Roma, 19 mar. (Adnkronos Salute) - Un ritardo medio superiore ai 15 anni per la diagnosi della malattia di Anderson Fabry: 13 anni per gli uomini e 18 per le donne. E' quanto emerge dai dati della letteratura medica internazionale che testimonia quanto ci sia ancora da fare nel campo della diagnosi tempestiva per questa malattia rara. Una patologia genetica dovuta alla carenza di un enzima, che provoca danni al rene, al cuore e al sistema nervoso, con un conseguente considerevole peggioramento della qualità di vita delle persone che ne vengono colpite. In Italia sono circa 500 quelle che hanno ricevuto una diagnosi.
Di questa malattia, della sua diagnosi e trattamento si parlerà il prossimo 21 e 22 marzo a Roma in occasione del '3° Fabry Expert Lounge'. Un appuntamento scientifico biennale - realizzato con il supporto non condizionato di Genzyme, società del gruppo Sanofi - che vede riuniti i massimi esperti internazionali per condividere gli ultimi aggiornamenti sulla patologia. "Il pregio di appuntamenti scientifici come il Fabry Lounge è quello di poter riunire i massimi esperti della malattia che possono dialogare tra di loro ed i partecipanti", spiega Alessandro Burlina, direttore dell'Unità operativa complessa di neurologia dell'ospedale San Bassiano di Bassano del Grappa (Vicenza), esperto in malattie neurometaboliche ereditarie ed unico italiano presente nel comitato scientifico del congresso.

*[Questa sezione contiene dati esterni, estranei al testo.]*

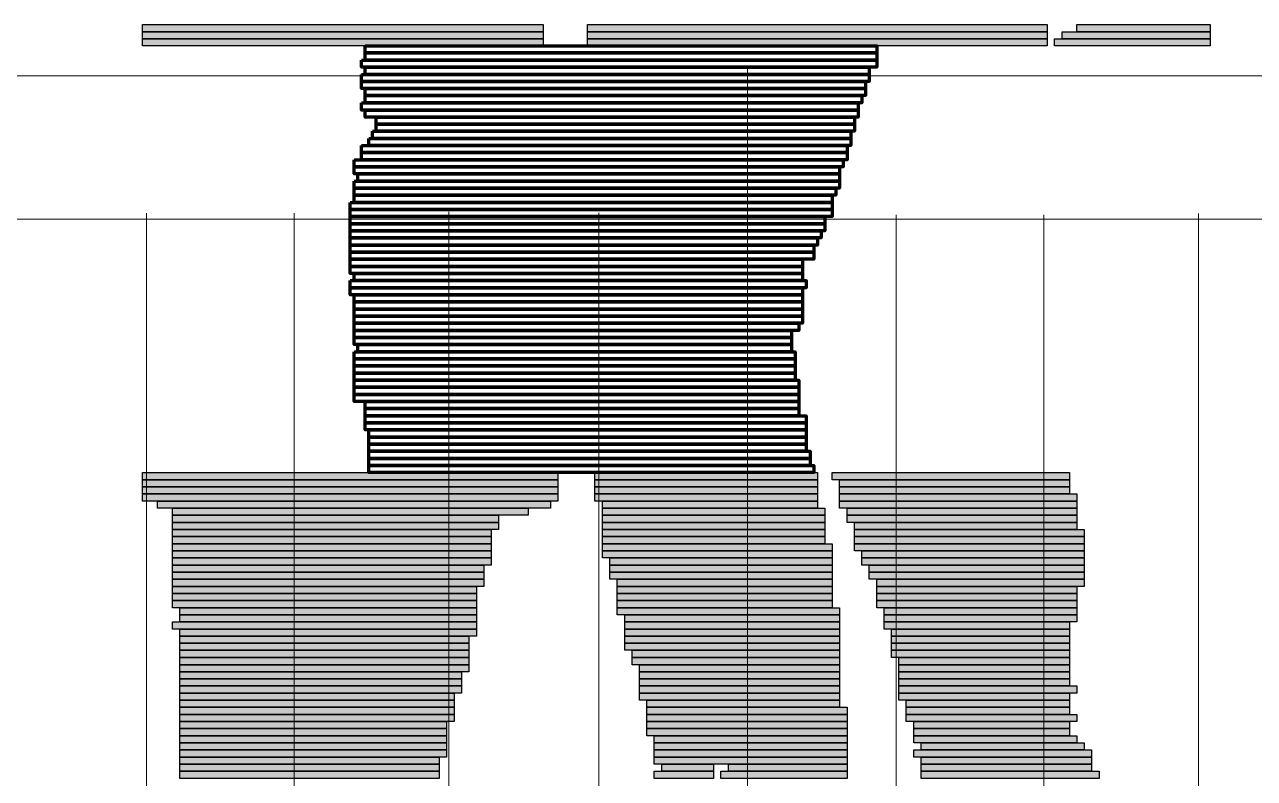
# Model space of a CAD drawing. Header units: millimetres. Extents: x 2 to 42044, y 4087 to 28530.
# Drawn here: x 19372 to 20435, y 15615 to 16267 of the extents above; entities that cross this region are included whole.
import ezdxf

# ---------------------------------------------------------------- set-up
doc = ezdxf.new("R2010")
doc.units = ezdxf.units.MM
doc.header["$LTSCALE"] = 50
doc.layers.add('00_Wand_Bestand', color=7, linetype='Continuous')
doc.layers.add('05_Linien_stark', color=7, linetype='Continuous')

msp = doc.modelspace()

# ---------------------------------------------------------------- hatches: boundary and pattern name
at = {"layer": '00_Wand_Bestand'}
for points in [[(19473.8, 16267), (19820.1, 16267), (19820.1, 16260.9), (19473.8, 16260.9)], [(19858.6, 16267), (20256.2, 16267), (20256.2, 16260.9), (19858.6, 16260.9)], [(20281.8, 16267), (20397.2, 16267), (20397.2, 16260.9), (20281.8, 16260.9)], [(19473.8, 16260.9), (19820.1, 16260.9), (19820.1, 16254.7), (19473.8, 16254.7)], [(19473.8, 16254.7), (19820.1, 16254.7), (19820.1, 16248.6), (19473.8, 16248.6)], [(19858.6, 16260.9), (20256.2, 16260.9), (20256.2, 16254.7), (19858.6, 16254.7)], [(19858.6, 16254.7), (20256.2, 16254.7), (20256.2, 16248.6), (19858.6, 16248.6)], [(20262.6, 16254.7), (20397.2, 16254.7), (20397.2, 16248.6), (20262.6, 16248.6)], [(20269, 16260.9), (20397.2, 16260.9), (20397.2, 16254.7), (20269, 16254.7)], [(19473.8, 15879.7), (19832.9, 15879.7), (19832.9, 15873.5), (19473.8, 15873.5)], [(19473.8, 15873.5), (19832.9, 15873.5), (19832.9, 15867.4), (19473.8, 15867.4)], [(19865, 15879.7), (20057.4, 15879.7), (20057.4, 15873.5), (19865, 15873.5)], [(19865, 15873.5), (20057.4, 15873.5), (20057.4, 15867.4), (19865, 15867.4)], [(20070.2, 15879.7), (20275.4, 15879.7), (20275.4, 15873.5), (20070.2, 15873.5)], [(20076.6, 15873.5), (20275.4, 15873.5), (20275.4, 15867.4), (20076.6, 15867.4)], [(19473.8, 15867.4), (19832.9, 15867.4), (19832.9, 15861.2), (19473.8, 15861.2)], [(19473.8, 15861.2), (19832.9, 15861.2), (19832.9, 15855.1), (19473.8, 15855.1)], [(19865, 15867.4), (20057.4, 15867.4), (20057.4, 15861.2), (19865, 15861.2)], [(19865, 15861.2), (20057.4, 15861.2), (20057.4, 15855.1), (19865, 15855.1)], [(20076.6, 15867.4), (20275.4, 15867.4), (20275.4, 15861.2), (20076.6, 15861.2)], [(20076.6, 15861.2), (20281.8, 15861.2), (20281.8, 15855.1), (20076.6, 15855.1)], [(19486.7, 15855.1), (19826.5, 15855.1), (19826.5, 15848.9), (19486.7, 15848.9)], [(19871.4, 15855.1), (20057.4, 15855.1), (20057.4, 15848.9), (19871.4, 15848.9)], [(20076.6, 15855.1), (20281.8, 15855.1), (20281.8, 15848.9), (20076.6, 15848.9)], [(19499.5, 15848.9), (19807.3, 15848.9), (19807.3, 15842.8), (19499.5, 15842.8)], [(19499.5, 15842.8), (19781.6, 15842.8), (19781.6, 15836.6), (19499.5, 15836.6)], [(19871.4, 15848.9), (20063.8, 15848.9), (20063.8, 15842.8), (19871.4, 15842.8)], [(19871.4, 15842.8), (20063.8, 15842.8), (20063.8, 15836.6), (19871.4, 15836.6)], [(20083, 15848.9), (20281.8, 15848.9), (20281.8, 15842.8), (20083, 15842.8)], [(20083, 15842.8), (20281.8, 15842.8), (20281.8, 15836.6), (20083, 15836.6)], [(19499.5, 15836.6), (19781.6, 15836.6), (19781.6, 15830.4), (19499.5, 15830.4)], [(19499.5, 15830.4), (19775.2, 15830.4), (19775.2, 15824.3), (19499.5, 15824.3)], [(19871.4, 15836.6), (20063.8, 15836.6), (20063.8, 15830.4), (19871.4, 15830.4)], [(19871.4, 15830.4), (20063.8, 15830.4), (20063.8, 15824.3), (19871.4, 15824.3)], [(20089.4, 15836.6), (20281.8, 15836.6), (20281.8, 15830.4), (20089.4, 15830.4)], [(20089.4, 15830.4), (20288.2, 15830.4), (20288.2, 15824.3), (20089.4, 15824.3)], [(19499.5, 15824.3), (19775.2, 15824.3), (19775.2, 15818.2), (19499.5, 15818.2)], [(19499.5, 15818.2), (19775.2, 15818.2), (19775.2, 15812), (19499.5, 15812)], [(19871.4, 15824.3), (20063.8, 15824.3), (20063.8, 15818.2), (19871.4, 15818.2)], [(19871.4, 15818.2), (20070.2, 15818.2), (20070.2, 15812), (19871.4, 15812)], [(20089.4, 15824.3), (20288.2, 15824.3), (20288.2, 15818.2), (20089.4, 15818.2)], [(20089.4, 15818.2), (20288.2, 15818.2), (20288.2, 15812), (20089.4, 15812)], [(19499.5, 15812), (19775.2, 15812), (19775.2, 15805.9), (19499.5, 15805.9)], [(19871.4, 15812), (20070.2, 15812), (20070.2, 15805.9), (19871.4, 15805.9)], [(20095.9, 15812), (20288.2, 15812), (20288.2, 15805.9), (20095.9, 15805.9)], [(19499.5, 15805.9), (19775.2, 15805.9), (19775.2, 15799.7), (19499.5, 15799.7)], [(19499.5, 15799.7), (19768.8, 15799.7), (19768.8, 15793.6), (19499.5, 15793.6)], [(19877.8, 15805.9), (20070.2, 15805.9), (20070.2, 15799.7), (19877.8, 15799.7)], [(19877.8, 15799.7), (20070.2, 15799.7), (20070.2, 15793.6), (19877.8, 15793.6)], [(20095.9, 15805.9), (20288.2, 15805.9), (20288.2, 15799.7), (20095.9, 15799.7)], [(20102.3, 15799.7), (20288.2, 15799.7), (20288.2, 15793.6), (20102.3, 15793.6)], [(19499.5, 15793.6), (19768.8, 15793.6), (19768.8, 15787.4), (19499.5, 15787.4)], [(19499.5, 15787.4), (19768.8, 15787.4), (19768.8, 15781.3), (19499.5, 15781.3)], [(19877.8, 15793.6), (20070.2, 15793.6), (20070.2, 15787.4), (19877.8, 15787.4)], [(19884.2, 15787.4), (20070.2, 15787.4), (20070.2, 15781.3), (19884.2, 15781.3)], [(20102.3, 15793.6), (20288.2, 15793.6), (20288.2, 15787.4), (20102.3, 15787.4)], [(20108.7, 15787.4), (20288.2, 15787.4), (20288.2, 15781.3), (20108.7, 15781.3)], [(19499.5, 15781.3), (19762.4, 15781.3), (19762.4, 15775.1), (19499.5, 15775.1)], [(19499.5, 15775.1), (19762.4, 15775.1), (19762.4, 15769), (19499.5, 15769)], [(19884.2, 15781.3), (20070.2, 15781.3), (20070.2, 15775.1), (19884.2, 15775.1)], [(19884.2, 15775.1), (20070.2, 15775.1), (20070.2, 15769), (19884.2, 15769)], [(20108.7, 15781.3), (20281.8, 15781.3), (20281.8, 15775.1), (20108.7, 15775.1)], [(20108.7, 15775.1), (20281.8, 15775.1), (20281.8, 15769), (20108.7, 15769)], [(19499.5, 15769), (19762.4, 15769), (19762.4, 15762.8), (19499.5, 15762.8)], [(19884.2, 15769), (20070.2, 15769), (20070.2, 15762.8), (19884.2, 15762.8)], [(20108.7, 15769), (20281.8, 15769), (20281.8, 15762.8), (20108.7, 15762.8)], [(19505.9, 15762.8), (19762.4, 15762.8), (19762.4, 15756.7), (19505.9, 15756.7)], [(19505.9, 15756.7), (19762.4, 15756.7), (19762.4, 15750.5), (19505.9, 15750.5)], [(19884.2, 15762.8), (20076.6, 15762.8), (20076.6, 15756.7), (19884.2, 15756.7)], [(19890.7, 15756.7), (20076.6, 15756.7), (20076.6, 15750.5), (19890.7, 15750.5)], [(20115.1, 15762.8), (20281.8, 15762.8), (20281.8, 15756.7), (20115.1, 15756.7)], [(20115.1, 15756.7), (20281.8, 15756.7), (20281.8, 15750.5), (20115.1, 15750.5)], [(19499.5, 15750.5), (19762.4, 15750.5), (19762.4, 15744.4), (19499.5, 15744.4)], [(19505.9, 15744.4), (19762.4, 15744.4), (19762.4, 15738.2), (19505.9, 15738.2)], [(19890.7, 15750.5), (20076.6, 15750.5), (20076.6, 15744.4), (19890.7, 15744.4)], [(19890.7, 15744.4), (20076.6, 15744.4), (20076.6, 15738.2), (19890.7, 15738.2)], [(20115.1, 15750.5), (20275.4, 15750.5), (20275.4, 15744.4), (20115.1, 15744.4)], [(20121.5, 15744.4), (20275.4, 15744.4), (20275.4, 15738.2), (20121.5, 15738.2)], [(19505.9, 15738.2), (19756, 15738.2), (19756, 15732.1), (19505.9, 15732.1)], [(19505.9, 15732.1), (19756, 15732.1), (19756, 15726), (19505.9, 15726)], [(19890.7, 15738.2), (20076.6, 15738.2), (20076.6, 15732.1), (19890.7, 15732.1)], [(19890.7, 15732.1), (20076.6, 15732.1), (20076.6, 15726), (19890.7, 15726)], [(20121.5, 15738.2), (20275.4, 15738.2), (20275.4, 15732.1), (20121.5, 15732.1)], [(20121.5, 15732.1), (20275.4, 15732.1), (20275.4, 15726), (20121.5, 15726)], [(19505.9, 15726), (19756, 15726), (19756, 15719.8), (19505.9, 15719.8)], [(19897.1, 15726), (20076.6, 15726), (20076.6, 15719.8), (19897.1, 15719.8)], [(20121.5, 15726), (20275.4, 15726), (20275.4, 15719.8), (20121.5, 15719.8)], [(19505.9, 15719.8), (19756, 15719.8), (19756, 15713.6), (19505.9, 15713.6)], [(19505.9, 15713.6), (19756, 15713.6), (19756, 15707.5), (19505.9, 15707.5)], [(19897.1, 15719.8), (20076.6, 15719.8), (20076.6, 15713.6), (19897.1, 15713.6)], [(19903.5, 15713.6), (20076.6, 15713.6), (20076.6, 15707.5), (19903.5, 15707.5)], [(20127.9, 15719.8), (20275.4, 15719.8), (20275.4, 15713.6), (20127.9, 15713.6)], [(20127.9, 15713.6), (20275.4, 15713.6), (20275.4, 15707.5), (20127.9, 15707.5)], [(19505.9, 15707.5), (19749.6, 15707.5), (19749.6, 15701.4), (19505.9, 15701.4)], [(19505.9, 15701.4), (19749.6, 15701.4), (19749.6, 15695.2), (19505.9, 15695.2)], [(19903.5, 15707.5), (20076.6, 15707.5), (20076.6, 15701.4), (19903.5, 15701.4)], [(19903.5, 15701.4), (20076.6, 15701.4), (20076.6, 15695.2), (19903.5, 15695.2)], [(20127.9, 15707.5), (20275.4, 15707.5), (20275.4, 15701.4), (20127.9, 15701.4)], [(20127.9, 15701.4), (20275.4, 15701.4), (20275.4, 15695.2), (20127.9, 15695.2)], [(19505.9, 15695.2), (19749.6, 15695.2), (19749.6, 15689.1), (19505.9, 15689.1)], [(19903.5, 15695.2), (20076.6, 15695.2), (20076.6, 15689.1), (19903.5, 15689.1)], [(20127.9, 15695.2), (20281.8, 15695.2), (20281.8, 15689.1), (20127.9, 15689.1)], [(19505.9, 15689.1), (19743.2, 15689.1), (19743.2, 15682.9), (19505.9, 15682.9)], [(19505.9, 15682.9), (19743.2, 15682.9), (19743.2, 15676.8), (19505.9, 15676.8)], [(19903.5, 15689.1), (20076.6, 15689.1), (20076.6, 15682.9), (19903.5, 15682.9)], [(19909.9, 15682.9), (20076.6, 15682.9), (20076.6, 15676.8), (19909.9, 15676.8)], [(20127.9, 15689.1), (20275.4, 15689.1), (20275.4, 15682.9), (20127.9, 15682.9)], [(20134.3, 15682.9), (20275.4, 15682.9), (20275.4, 15676.8), (20134.3, 15676.8)], [(19505.9, 15676.8), (19743.2, 15676.8), (19743.2, 15670.6), (19505.9, 15670.6)], [(19505.9, 15670.6), (19743.2, 15670.6), (19743.2, 15664.5), (19505.9, 15664.5)], [(19909.9, 15676.8), (20083, 15676.8), (20083, 15670.6), (19909.9, 15670.6)], [(19909.9, 15670.6), (20083, 15670.6), (20083, 15664.5), (19909.9, 15664.5)], [(20134.3, 15676.8), (20275.4, 15676.8), (20275.4, 15670.6), (20134.3, 15670.6)], [(20134.3, 15670.6), (20281.8, 15670.6), (20281.8, 15664.5), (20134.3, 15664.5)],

"La malattia di Anderson-Fabry - continua - è stata a lungo studiata dai colleghi nefrologi e cardiologi. Sono fiero di poter dire che l'interesse per le complicanze neurologiche della malattia, che riguardano sia il sistema nervoso che periferico, è progressivamente aumentato nel tempo e trova maggior spazio in questi convegni internazionali". Particolare attenzione in questa due giorni sarà dedicata al tema della diagnosi tempestiva realizzabile attraverso lo screening mirato della popolazione a rischio: di quei pazienti cioè che presentano problemi nefrologici, neurologici e cardiaci, che potrebbero essere riconducibili alla malattia di Anderson-Fabry. (segue)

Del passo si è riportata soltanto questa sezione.